The existing rights of children have been swept away in the online world because the age of “internet adulthood” is set at 13, a children’s rights conference has heard.
Leanda Barrington-Leach, head of EU affairs at 5Rights Foundation – a digital child safety charity – said it is “unforgiveable” that children’s rights have regressed in the digital world.
She told the Children’s Rights Alliance Online Safety Conference that the rights of young people have been “systematically overlooked, ignored, undermined, and trampled”.
It is estimated that one in five users in the EU is a child and one in three globally.
We need to do more to support young people to have positive online experience - Ireland has the opportunity to be a leader in online safety #123OnlineSafety pic.twitter.com/NN4nhQc74J
Advertisement— Children's Rights Alliance (@ChildRightsIRL) November 23, 2021
A report on the forthcoming Online Safety and Media Regulation Bill has recommended that a legal minimum age requirement for setting up social media accounts should be part of the legislation.
Addressing the webinar, Ms Barrington-Leach said: “I think what is, in a way, unforgiveable is that our existing rights have been taken away in the online world.
“There has been a regression of children’s rights just by the fact that children are children until they are 18.

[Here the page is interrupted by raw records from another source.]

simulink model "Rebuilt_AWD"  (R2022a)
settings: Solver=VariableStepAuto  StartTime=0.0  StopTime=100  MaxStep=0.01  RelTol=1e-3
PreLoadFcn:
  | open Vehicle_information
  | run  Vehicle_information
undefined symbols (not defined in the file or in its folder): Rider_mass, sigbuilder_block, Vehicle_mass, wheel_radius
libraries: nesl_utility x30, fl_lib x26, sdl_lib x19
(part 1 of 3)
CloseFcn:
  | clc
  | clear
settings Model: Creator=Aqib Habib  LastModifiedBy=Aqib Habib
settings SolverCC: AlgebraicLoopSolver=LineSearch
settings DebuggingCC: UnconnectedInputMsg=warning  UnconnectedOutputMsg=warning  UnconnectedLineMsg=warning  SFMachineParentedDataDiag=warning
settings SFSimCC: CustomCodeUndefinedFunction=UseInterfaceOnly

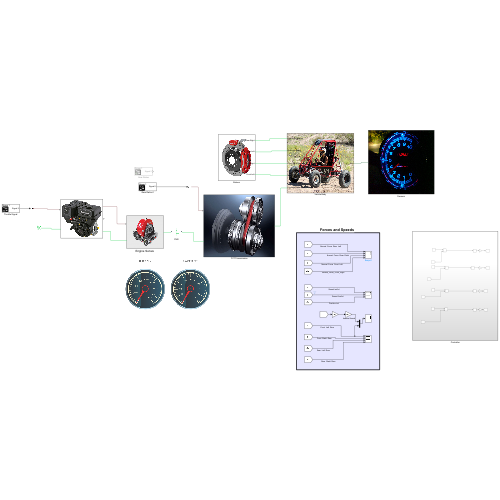
[thumbnail: Simulink's stored preview of the top-level diagram]
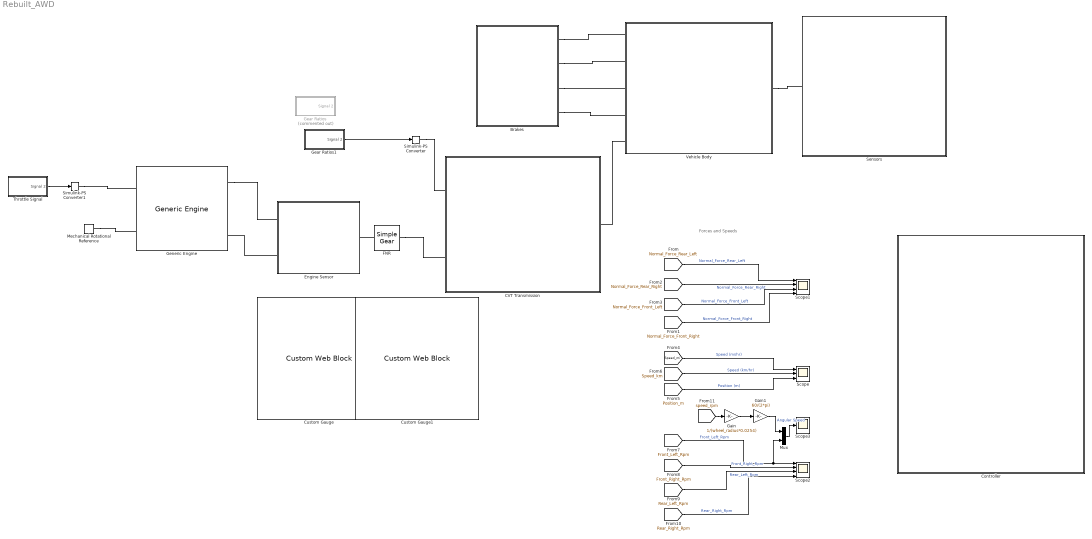
== system Rebuilt_AWD ==
  note: Forces and Speeds
  Brakes : Subsystem
      mask Display: image('brake_kit_140-14883-DR-xl.jpg');
  CVT Transmission : Subsystem
      mask Display: image('CVT-58e526803df78c5162b323c9.jpg');
  "Controller " : Subsystem
  Custom Gauge : CustomWebBlock  Configuration="{\"components\":[{\"name\":\"CircularScaleComponent\",\"settings\":{\"bounds\":{\"max\":100,\"min\":0,\"tickInterval\":\"auto\"},\"direction\":\"cw\",\"flipLimits\":0,\"innerRadius\":0.75,\"internalTickHeightScaleFactor\":1,\"labelColor\":[255,252,199],\"labelFont\":{\"font\":\"Arial\",\"fontSize\":12},\"labelRadius\":0.36,\"labelTransparency\":1,\"minorTickHeightScaleFactor\":0.2,\"needleImage\":{\"size\":[1890,567],\"src\":\"data:image\\/svg+xml;base64,PD94bWwgdmVyc2lvbj0iMS4wIiBlbmNvZGluZz0iVVRGLTgiIHN0YW5kYWxvbmU9Im5vIj8+CjxzdmcKICAgeG1sbnM6ZGM9Imh0dHA6Ly9wdXJsLm9yZy9kYy9lbGVtZW50cy8xLjEvIgogICB4bWxuczpjYz0iaHR0cDovL2NyZWF0aXZlY29tbW9ucy5vcmcvbnMjIgogICB4bWxuczpyZGY9Imh0dHA6Ly93d3cudzMub3JnLzE5OTkvMDIvMjItcmRmLXN5bnRheC1ucyMiCiAgIHhtbG5zOnN2Zz0iaHR0cDovL3d3dy53My5vcmcvMjAwMC9zdmciCiAgIHhtbG5zPSJodHRwOi8vd3d3LnczLm9yZy8yMDAwL3N2ZyIKICAgeG1sbnM6 ...(+4096 chars)\"},\"needleOffset\":[0.14,0],\"needleOrientation\":-45,\"needleRotation\":180,\"needleSize\":{\"height\":0.13,\"width\":0.41},\"outerRadius\":0.9,\"position\":[0.06486742424242424,0.05627705627705628,0.8917748917748918,0.8787878787878788],\"scaleAngle\":270,\"scaleAngleOffset\":135,\"scaleColors\":[],\"scaleColorsSize\":0.2,\"scalePosition\":[0,0,1,1],\"showLabels\":1,\"showMinorTicks\":1,\"showSpanLine\":1,\"showTicks\":1,\"tickColor\":[255,255,200],\"tickTransparency\":1,\"valueBarColor\":[0,114,189],\"valueBarPosition\":[0,0,1,1],\"valueBarSize\":0.2,\"valueBarTransparency\":1}},{\"name\":\"BackgroundImageComponent\",\"settings\":{\"image\":{\"size\":[500,500],\"src\":\"data:image\\/svg+xml;base64,PD94bWwgdmVyc2lvbj0iMS4wIiBlbmNvZGluZz0iVVRGLTgiIHN0YW5kYWxvbmU9Im5vIj8+CjxzdmcKICAgeG1sbnM6ZGM9Imh0dHA6Ly9wdXJsLm9yZy9kYy9lbGVtZW50cy8xLjEvIgogICB4bWxuczpjYz0iaHR0cDovL2NyZWF0aXZlY29tbW9ucy5vcmcvbnMjIgogICB4bWxuczpyZGY9Imh0dHA6Ly93d3cudzMub3JnLzE5OTkvMDIvMjItcmRmLXN5bnRheC1ucyMiCiAgIHhtbG5zOnN2Zz0iaHR0cDovL3d3dy53My5vcmcvMjAwMC9zdmciCiAgIHhtbG5zPSJodHRwOi8vd3d3LnczLm9yZy8yMDAwL3N2ZyIKICAgeG1sbnM6 ...(+9964 chars)\"},\"position\":[0,0,1,1],\"scaleMode\":\"0\"}},{\"name\":\"ForegroundImageComponent\",\"settings\":{\"image\":{\"size\":[0,0],\"src\":\"default\",\"srcOrientation\":[]},\"isForeground\":1,\"position\":[0,0,1,1],\"scaleMode\":\"0\"}}],\"legacySettings\":{\"BackgroundImage\":\"data:image\\/svg+xml;base64,PD94bWwgdmVyc2lvbj0iMS4wIiBlbmNvZGluZz0iVVRGLTgiIHN0YW5kYWxvbmU9Im5vIj8+CjwhLS0gR2VuZXJhdG9yOiBBZG9iZSBJbGx1c3RyYXRvciAxOS4yLjEsIFNWRyBFeHBvcnQgUGx1Zy1JbiAuIFNWRyBWZXJzaW9uOiA2LjAwIEJ1aWxkIDApICAtLT4KCjxzdmcKICAgeG1sbnM6ZGM9Imh0dHA6Ly9wdXJsLm9yZy9kYy9lbGVtZW50cy8xLjEvIgogICB4bWxuczpjYz0iaHR0cDovL2NyZWF0aXZlY29tbW9ucy5vcmcvbnMjIgogICB4bWxuczpyZGY9Imh0dHA6Ly93d3cudzMub3JnLzE5OTkvMDIvMjItcmRmLXN5bnRh ...(+9660 chars)\",\"CenterOffsetX\":\"0\",\"CenterOffsetY\":\"0\",\"GaugeArcColor\":\"#9ec0f7\",\"GaugeArcDefined\":\"true\",\"GaugeArcRadius\":\"0.1358563990074277\",\"GaugeArcRatio\":\"0.8333333333333\",\"GaugeArcRotation\":\"240.5385250290321\",\"GaugeArcStrokeWidth\":\"0.03972965542329953\",\"GaugeArcTransparency\":\"0\",\"GaugeMax\":\"3800\",\"GaugeMin\":\"0\",\"GaugeTickColor\":\"#faf5c8\",\"GaugeTickTransparency\":\"1\",\"GaugeTickVisible\":\"true\",\"GaugeValue\":\"0\",\"NeedleHeight\":\"0.11602152693163792\",\"NeedleImage\":\"data:image\\/svg+xml;base64,PD94bWwgdmVyc2lvbj0iMS4wIiBlbmNvZGluZz0idXRmLTgiPz4KPCEtLSBHZW5lcmF0b3I6IEFkb2JlIElsbHVzdHJhdG9yIDE5LjIuMSwgU1ZHIEV4cG9ydCBQbHVnLUluIC4gU1ZHIFZlcnNpb246IDYuMDAgQnVpbGQgMCkgIC0tPgo8c3ZnIHZlcnNpb249IjEuMSIgeG1sbnM9Imh0dHA6Ly93d3cudzMub3JnLzIwMDAvc3ZnIiB4bWxuczp4bGluaz0iaHR0cDovL3d3dy53My5vcmcvMTk5OS94bGluayIgeD0iMHB4IiB5PSIwcHgiCgkgdmlld0JveD0iMCAwIDIwMCA1MCIgc3R5bGU9ImVuYWJsZS1iYWNrZ3JvdW5kOm5ldyAw ...(+9940 chars)\",\"NeedleInitialRotation\":\"-59.94322499147643\",\"NeedleWidth\":\"0.1911368983686954\",\"NeedleXPos\":\"0.3802298124325669\",\"NeedleYPos\":\"0.48117305677424654\",\"ScaleColorsJSON\":\"[]\",\"ValueArcColor\":\"#1759b0\",\"ValueArcTransparency\":\"1\"},\"settings\":{\"BindingType\":\"signal\",\"backgroundOffset\":0.14,\"backgroundOpacity\":1,\"fixedAspectRatio\":\"on\",\"showBackgroundColor\":0},\"type\":\"CircularGauge\"}"
  Custom Gauge1 : CustomWebBlock  Configuration="{\"components\":[{\"name\":\"CircularScaleComponent\",\"settings\":{\"bounds\":{\"max\":100,\"min\":0,\"tickInterval\":\"auto\"},\"direction\":\"cw\",\"flipLimits\":0,\"innerRadius\":0.75,\"internalTickHeightScaleFactor\":1,\"labelColor\":[255,252,199],\"labelFont\":{\"font\":\"Arial\",\"fontSize\":12},\"labelRadius\":0.36,\"labelTransparency\":1,\"minorTickHeightScaleFactor\":0.2,\"needleImage\":{\"size\":[1890,567],\"src\":\"data:image\\/svg+xml;base64,PD94bWwgdmVyc2lvbj0iMS4wIiBlbmNvZGluZz0iVVRGLTgiIHN0YW5kYWxvbmU9Im5vIj8+CjxzdmcKICAgeG1sbnM6ZGM9Imh0dHA6Ly9wdXJsLm9yZy9kYy9lbGVtZW50cy8xLjEvIgogICB4bWxuczpjYz0iaHR0cDovL2NyZWF0aXZlY29tbW9ucy5vcmcvbnMjIgogICB4bWxuczpyZGY9Imh0dHA6Ly93d3cudzMub3JnLzE5OTkvMDIvMjItcmRmLXN5bnRheC1ucyMiCiAgIHhtbG5zOnN2Zz0iaHR0cDovL3d3dy53My5vcmcvMjAwMC9zdmciCiAgIHhtbG5zPSJodHRwOi8vd3d3LnczLm9yZy8yMDAwL3N2ZyIKICAgeG1sbnM6 ...(+4096 chars)\"},\"needleOffset\":[0.14,0],\"needleOrientation\":-45,\"needleRotation\":180,\"needleSize\":{\"height\":0.13,\"width\":0.41},\"outerRadius\":0.9,\"position\":[0.06486742424242424,0.05627705627705628,0.8917748917748918,0.8787878787878788],\"scaleAngle\":270,\"scaleAngleOffset\":135,\"scaleColors\":[],\"scaleColorsSize\":0.2,\"scalePosition\":[0,0,1,1],\"showLabels\":1,\"showMinorTicks\":1,\"showSpanLine\":1,\"showTicks\":1,\"tickColor\":[255,255,200],\"tickTransparency\":1,\"valueBarColor\":[0,114,189],\"valueBarPosition\":[0,0,1,1],\"valueBarSize\":0.2,\"valueBarTransparency\":1}},{\"name\":\"BackgroundImageComponent\",\"settings\":{\"image\":{\"size\":[500,500],\"src\":\"data:image\\/svg+xml;base64,PD94bWwgdmVyc2lvbj0iMS4wIiBlbmNvZGluZz0iVVRGLTgiIHN0YW5kYWxvbmU9Im5vIj8+CjxzdmcKICAgeG1sbnM6ZGM9Imh0dHA6Ly9wdXJsLm9yZy9kYy9lbGVtZW50cy8xLjEvIgogICB4bWxuczpjYz0iaHR0cDovL2NyZWF0aXZlY29tbW9ucy5vcmcvbnMjIgogICB4bWxuczpyZGY9Imh0dHA6Ly93d3cudzMub3JnLzE5OTkvMDIvMjItcmRmLXN5bnRheC1ucyMiCiAgIHhtbG5zOnN2Zz0iaHR0cDovL3d3dy53My5vcmcvMjAwMC9zdmciCiAgIHhtbG5zPSJodHRwOi8vd3d3LnczLm9yZy8yMDAwL3N2ZyIKICAgeG1sbnM6 ...(+9964 chars)\"},\"position\":[0,0,1,1],\"scaleMode\":\"0\"}},{\"name\":\"ForegroundImageComponent\",\"settings\":{\"image\":{\"size\":[0,0],\"src\":\"default\",\"srcOrientation\":[]},\"isForeground\":1,\"position\":[0,0,1,1],\"scaleMode\":\"0\"}}],\"legacySettings\":{\"BackgroundImage\":\"data:image\\/svg+xml;base64,PD94bWwgdmVyc2lvbj0iMS4wIiBlbmNvZGluZz0iVVRGLTgiIHN0YW5kYWxvbmU9Im5vIj8+CjwhLS0gR2VuZXJhdG9yOiBBZG9iZSBJbGx1c3RyYXRvciAxOS4yLjEsIFNWRyBFeHBvcnQgUGx1Zy1JbiAuIFNWRyBWZXJzaW9uOiA2LjAwIEJ1aWxkIDApICAtLT4KCjxzdmcKICAgeG1sbnM6ZGM9Imh0dHA6Ly9wdXJsLm9yZy9kYy9lbGVtZW50cy8xLjEvIgogICB4bWxuczpjYz0iaHR0cDovL2NyZWF0aXZlY29tbW9ucy5vcmcvbnMjIgogICB4bWxuczpyZGY9Imh0dHA6Ly93d3cudzMub3JnLzE5OTkvMDIvMjItcmRmLXN5bnRh ...(+9660 chars)\",\"CenterOffsetX\":\"0\",\"CenterOffsetY\":\"0\",\"GaugeArcColor\":\"#9ec0f7\",\"GaugeArcDefined\":\"true\",\"GaugeArcRadius\":\"0.1358563990074277\",\"GaugeArcRatio\":\"0.8333333333333\",\"GaugeArcRotation\":\"240.5385250290321\",\"GaugeArcStrokeWidth\":\"0.03972965542329953\",\"GaugeArcTransparency\":\"0\",\"GaugeMax\":\"100\",\"GaugeMin\":\"0\",\"GaugeTickColor\":\"#faf5c8\",\"GaugeTickTransparency\":\"1\",\"GaugeTickVisible\":\"true\",\"GaugeValue\":\"0\",\"NeedleHeight\":\"0.11602152693163792\",\"NeedleImage\":\"data:image\\/svg+xml;base64,PD94bWwgdmVyc2lvbj0iMS4wIiBlbmNvZGluZz0idXRmLTgiPz4KPCEtLSBHZW5lcmF0b3I6IEFkb2JlIElsbHVzdHJhdG9yIDE5LjIuMSwgU1ZHIEV4cG9ydCBQbHVnLUluIC4gU1ZHIFZlcnNpb246IDYuMDAgQnVpbGQgMCkgIC0tPgo8c3ZnIHZlcnNpb249IjEuMSIgeG1sbnM9Imh0dHA6Ly93d3cudzMub3JnLzIwMDAvc3ZnIiB4bWxuczp4bGluaz0iaHR0cDovL3d3dy53My5vcmcvMTk5OS94bGluayIgeD0iMHB4IiB5PSIwcHgiCgkgdmlld0JveD0iMCAwIDIwMCA1MCIgc3R5bGU9ImVuYWJsZS1iYWNrZ3JvdW5kOm5ldyAw ...(+9940 chars)\",\"NeedleInitialRotation\":\"-59.94322499147643\",\"NeedleWidth\":\"0.1911368983686954\",\"NeedleXPos\":\"0.3802298124325669\",\"NeedleYPos\":\"0.48117305677424654\",\"ScaleColorsJSON\":\"[]\",\"ValueArcColor\":\"#1759b0\",\"ValueArcTransparency\":\"1\"},\"settings\":{\"BindingType\":\"signal\",\"backgroundOffset\":0.14,\"backgroundOpacity\":1,\"fixedAspectRatio\":\"on\",\"showBackgroundColor\":0},\"type\":\"CircularGauge\"}"
  Engine Sensor : Subsystem
      mask Display: image('eddy-current-engine-dynamometer_cat-1024x878.jpg');
  FNR : sdl_lib/Gears/Simple Gear  ratio=4  rotation_direction=3-2*(1)  friction_model=sdl.enum.gear_efficiencies_load.off  T_noload=0.1 N*m  T_nom=5 N*m  efficiency_nom=0.8  efficiency=0.8  temperature_TLU=[280, 300, 320] K  load_TLU=[1, 5, 10] N*m  efficiency_TLU=[.95, .9, .85]  efficiency_TLU2=[.85, .8, .75; .95, .9, .85; .85, .8, .7]  w_thr=0.01 rad/s  pwr_thr=0.001 W  backlash_model=sdl.enum.backlashModel.Off  backlash_distance=1e-3 mm  x0=0 mm  r_base=0.1 m  hardstop_model=simscape.enum.hardstop.smooth  transition=1e-4 mm  backlash_stiffness=1e7 N/m  backlash_damping=1e6 N*s/m  e=0  v_tol=0.001 m/s  mu_visc=[0, 0] N*m/(rad/s)  enable_faults=simscape.enum.onoff.off  efficiency_fault=0.05  external_fault=simscape.enum.onoff.off  temporal_fault=simscape.enum.onoff.off  fault_time=5 s  fault_angles=pi / 12 rad  report_fault=(1)-1  thermal_mass=50 J/K  temperature_specify=off  temperature_priority=High  temperature=300 K  temperature_nominal_specify=off  temperature_nominal_unit=K  temperature_nominal_value=1  x_backlash_specify=off  x_backlash_priority=None  x_backlash=0 mm  x_backlash_nominal_specify=off  x_backlash_nominal_unit=mm  x_backlash_nominal_value=1  f_hardstop_specify=off  f_hardstop_priority=None  f_hardstop=0 N  f_hardstop_nominal_specify=off  f_hardstop_nominal_unit=N  f_hardstop_nominal_value=1  v_backlash_specify=off  v_backlash_priority=None  v_backlash=0 m/s  v_backlash_nominal_specify=off  v_backlash_nominal_unit=m/s  v_backlash_nominal_value=1
  Gain : Gain  Gain=1/(wheel_radius*0.0254)
  Gain1 : Gain  Gain=60/(2*pi)
  Gear Ratios : Subsystem  Tag=STV Subsys  Commented=on  LoadFcn=sigbuilder_block('load');  StartFcn=sigbuilder_block('start');  StopFcn=sigbuilder_block('stop');  ClipboardFcn=sigbuilder_block('clipboard');  mask(Sigbuilder block){tuvar=[0:10]}
      mask help: Simulink:masks:SigbuilderBlock_MD
      mask init:
      | if ~strcmp(get_param(bdroot(gcbh),'SimulationStatus'),'stopped') tuvar = sigbuilder_block('maskInit'); end
      settings: CopyFcn=sigbuilder_block('copy');  DeleteFcn=sigbuilder_block('delete');  ModelCloseFcn=sigbuilder_block('modelClose');  PreSaveFcn=sigbuilder_block('preSave');  PauseFcn=sigbuilder_block('pause');  ContinueFcn=sigbuilder_block('continue');  NameChangeFcn=sigbuilder_block('namechange');  OpenFcn=sigbuilder_block('open',[6 30 1428 681.75 ]);  CloseFcn=sigbuilder_block('close');
      mask Display: plot(0, 0, 100, 100,[2, 2, 32, 32, 2], [68, 8, 8, 68, 68],[32, 2], [38, 38], [32, 19, 2],[53, 60, 44], [32, 17, 17, 2],[16, 16, 31, 31]);txt = getActiveGroup(gcbh);text(2, 100, txt,'verticalAlignment', 'top');
  Gear Ratios1 : Subsystem  Tag=STV Subsys  LoadFcn=sigbuilder_block('load');  StartFcn=sigbuilder_block('start');  StopFcn=sigbuilder_block('stop');  ClipboardFcn=sigbuilder_block('clipboard');  mask(Sigbuilder block){tuvar=[0:10]}
      mask help: Simulink:masks:SigbuilderBlock_MD
      mask init:
      | if ~strcmp(get_param(bdroot(gcbh),'SimulationStatus'),'stopped') tuvar = sigbuilder_block('maskInit'); end
      settings: CopyFcn=sigbuilder_block('copy');  DeleteFcn=sigbuilder_block('delete');  ModelCloseFcn=sigbuilder_block('modelClose');  PreSaveFcn=sigbuilder_block('preSave');  PauseFcn=sigbuilder_block('pause');  ContinueFcn=sigbuilder_block('continue');  NameChangeFcn=sigbuilder_block('namechange');  OpenFcn=sigbuilder_block('open',[6 30 1428 681.75 ]);  CloseFcn=sigbuilder_block('close');
      mask Display: plot(0, 0, 100, 100,[2, 2, 32, 32, 2], [68, 8, 8, 68, 68],[32, 2], [38, 38], [32, 19, 2],[53, 60, 44], [32, 17, 17, 2],[16, 16, 31, 31]);txt = getActiveGroup(gcbh);text(2, 100, txt,'verticalAlignment', 'top');
  Generic Engine : sdl_lib/Engines & Motors/Generic Engine  model_parameterization=3  engine_type=1  P_max=150 kW  w_P_max=4500 rpm  w_max=6000 rpm  w_min=500 rpm  w_tab=RPM rpm  trq_tab=[380, 380, 380, 380, 350, 280, 200, 80] N*m  pwr_tab=POWER HP_DIN  interp_method=simscape.enum.interpolation.smooth  model_inertia=1  inertia=5 kg*m^2  initial_velocity=2200 rpm  model_time_constant=0  time_constant=0.2 s  T0=0  w_thr=100 rpm  fc_model=0  fc_per_rev=25 mg/rev  fc_w_tab=[1000, 2000, 3000, 4000, 5000, 6000] rpm  fc_trq_tab=[0, 80, 160, 200, 240, 320, 360, 400] N*m  fc_tab=[.5, .9, 1.4, 1.6, 1.9, 2.7, 3.4, 4.4; 1, 1.7, 2.7, 3.1, 3.6, 5, 6, 7.4; 1.4, 2.7, 4, 4.8, 5.6, 7.5, 8.5, 10.5; 2, 3.6, 5.8, 6.7, 8, 10.4, 11.7, 13.3; 2.5, 4.8, 7.9, 9.4, 10.8, 14, 16.2, 18.6; 3.1, 6, 10.3, 11.9, 13.8, 18.4, 22, 26.5] g/s  bmep_tab=[0, 250, 500, 625, 750, 1000, 1150, 1250] kPa  bsfc_tab=[410, 380, 300, 280, 270, 290, 320, 380; 410, 370, 290, 270, 260, 270, 285, 320; 415, 380, 290, 275, 265, 270, 270, 300; 420, 390, 310, 290, 285, 280, 280, 285; 430, 410, 340, 320, 310, 300, 310, 320; 450, 430, 370, 340, 330, 330, 350, 380] g/hr/kW  fc_interp_method=simscape.enum.interpolation.linear  idle_speed=0  idle_speed_reference=3600 rpm  tau_controller=1 s  idle_w_thr=1 rpm  redline=0  redline_speed=5000 rpm  tau_redline=1 s  redline_w_thr=1 rpm  displaced_volume=400 cm^3  rev_per_cycle=2  mask(Generic Engine){}
      settings: SourceProductBaseCode=LD  InternalSimscapePortConfiguration="{\"Bottom\":[],\"Left\":[{\"id\":\"T\",\"label\":\"T\",\"type\":\"input\"},{\"id\":\"B\",\"label\":\"B\",\"type\":\"foundation.mechanical.rotational.rotational\"}],\"Right\":[{\"id\":\"P\",\"label\":\"P\",\"type\":\"output\"},{\"id\":\"FC\",\"label\":\"FC\",\"type\":\"output\"},{\"id\":\"F\",\"label\":\"F\",\"type\":\"foundation.mechanical.rotational.rotational\"}],\"Top\":[]}"
      mask Display: image('10.0hp_updated.jpg');
  Mechanical Rotational Reference : fl_lib/Mechanical/Rotational Elements/Mechanical Rotational Reference
      settings: SourceProductBaseCode=PW,SS,VE
  Mux : Mux  Inputs=2
  Scope : Scope  NumInputPorts=3
  Scope1 : Scope  NumInputPorts=4
  Scope2 : Scope  NumInputPorts=4
  Scope3 : Scope
  Sensors : Subsystem
      mask Display: image('wp6910276.jpg');
  Simulink-PS Converter : nesl_utility/Simulink-PS Converter  PhysicalDomain=network_engine_domain  SubClassName=ps_input  LeftPortType=input  RightPortType=output  PseudoPeriodic=off  Frequencies=[]  NoiseDistribution=none  NoiseParameters=[]  Unit=1  AffineConversion=off  FilteringAndDerivatives=provide  SimscapeFilterOrder=1  InputFilterTimeConstant=0.001  UdotUserProvided=0
      settings: SourceProductBaseCode=SS,PW,VE
  Simulink-PS Converter1 : nesl_utility/Simulink-PS Converter  PhysicalDomain=network_engine_domain  SubClassName=ps_input  LeftPortType=input  RightPortType=output  PseudoPeriodic=off  Frequencies=[]  NoiseDistribution=none  NoiseParameters=[]  Unit=1  AffineConversion=off  FilteringAndDerivatives=provide  SimscapeFilterOrder=1  InputFilterTimeConstant=0.001  UdotUserProvided=0
      settings: SourceProductBaseCode=SS,PW,VE
  Throttle Signal : Subsystem  Tag=STV Subsys  LoadFcn=sigbuilder_block('load');  StartFcn=sigbuilder_block('start');  StopFcn=sigbuilder_block('stop');  ClipboardFcn=sigbuilder_block('clipboard');  mask(Sigbuilder block){tuvar=[0:10]}
      mask help: Simulink:masks:SigbuilderBlock_MD
      mask init:
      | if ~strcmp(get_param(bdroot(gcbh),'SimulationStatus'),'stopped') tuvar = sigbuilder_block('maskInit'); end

“That is a principle that pre-dates the internet and yet somehow we ended up with low ages online, which should never have happened because anything we do should still have respected existing norms and law.
“That part is is unforgiveable. And it’s not just children – I think for women’s rights, for example, it’s a regression online with all the hate speech and misogyny.
"Discrimination & hate speech is all too prevalent in online communities & there are no safeguards to protect YP seeing this content. Tech companies are not doing enough to stop it. The current system isn't working", Jo, youth speaker #123OnlineSafety #OSMRBill @ChildRightsIRL
— CyberSafeKids (@CyberSafeKidsIE) November 23, 2021
“The fact that the norms have not been applied, that is one part that we could have foreseen and upheld those rights from the start as this new system was being developed.”
She said the digital world is not optional for children and that young people are “routinely served up” harmful content.
This includes pornography, violence, pro-suicide and pro-anorexia posts.
The children’s rights expert said the impact of viewing such content can be horrific.
“I recently learned, for example, that 70% of consumers of child sexual abuse material were first exposed to this content before the age of 18 and 40% of them when they were under 13,” she added.
“More than half of them were not looking for this material.”
The conference also heard from several young people, including 17-year-old Jo (whose surname was withheld) from the National Youth Council of Ireland (NYCI).
She said one of the many issues within online groups is the prevalence of discrimination and hate speech.
“Young people can very often fall victim to these places,” she added.
“I would argue that they are actually being brainwashed into believing certain things which are incredibly problematic.
“I’m a woman of colour and I’m an immigrant and I’ve seen this happen in real time.
“I’ve seen some of my friends and all my peers become involved in these really toxic online communities where they see such awful things and then begin to repeat them and begin to kind of absorb them into their minds.
“Sometimes we see those real-life actions can have really fatal consequences.
“We’ve seen a rise in neo-Nazism, gun violence and and hatred towards minorities and hatred towards women, towards religious minorities and people of colour.
“I would argue that is directly linked to online, what’s happening online and how there are basically no safeguards.”
Alec, 18, from the NYCI and a member of the LGBT community, spoke of how online groups have helped him.
“I remember when I started discovering myself and started figuring myself out, I’d use social media to get to understand myself a bit more,” he added.
“I liked it because I didn’t feel alone, I found people, I entered into a lot of safe spaces, which I was scared to do in public.”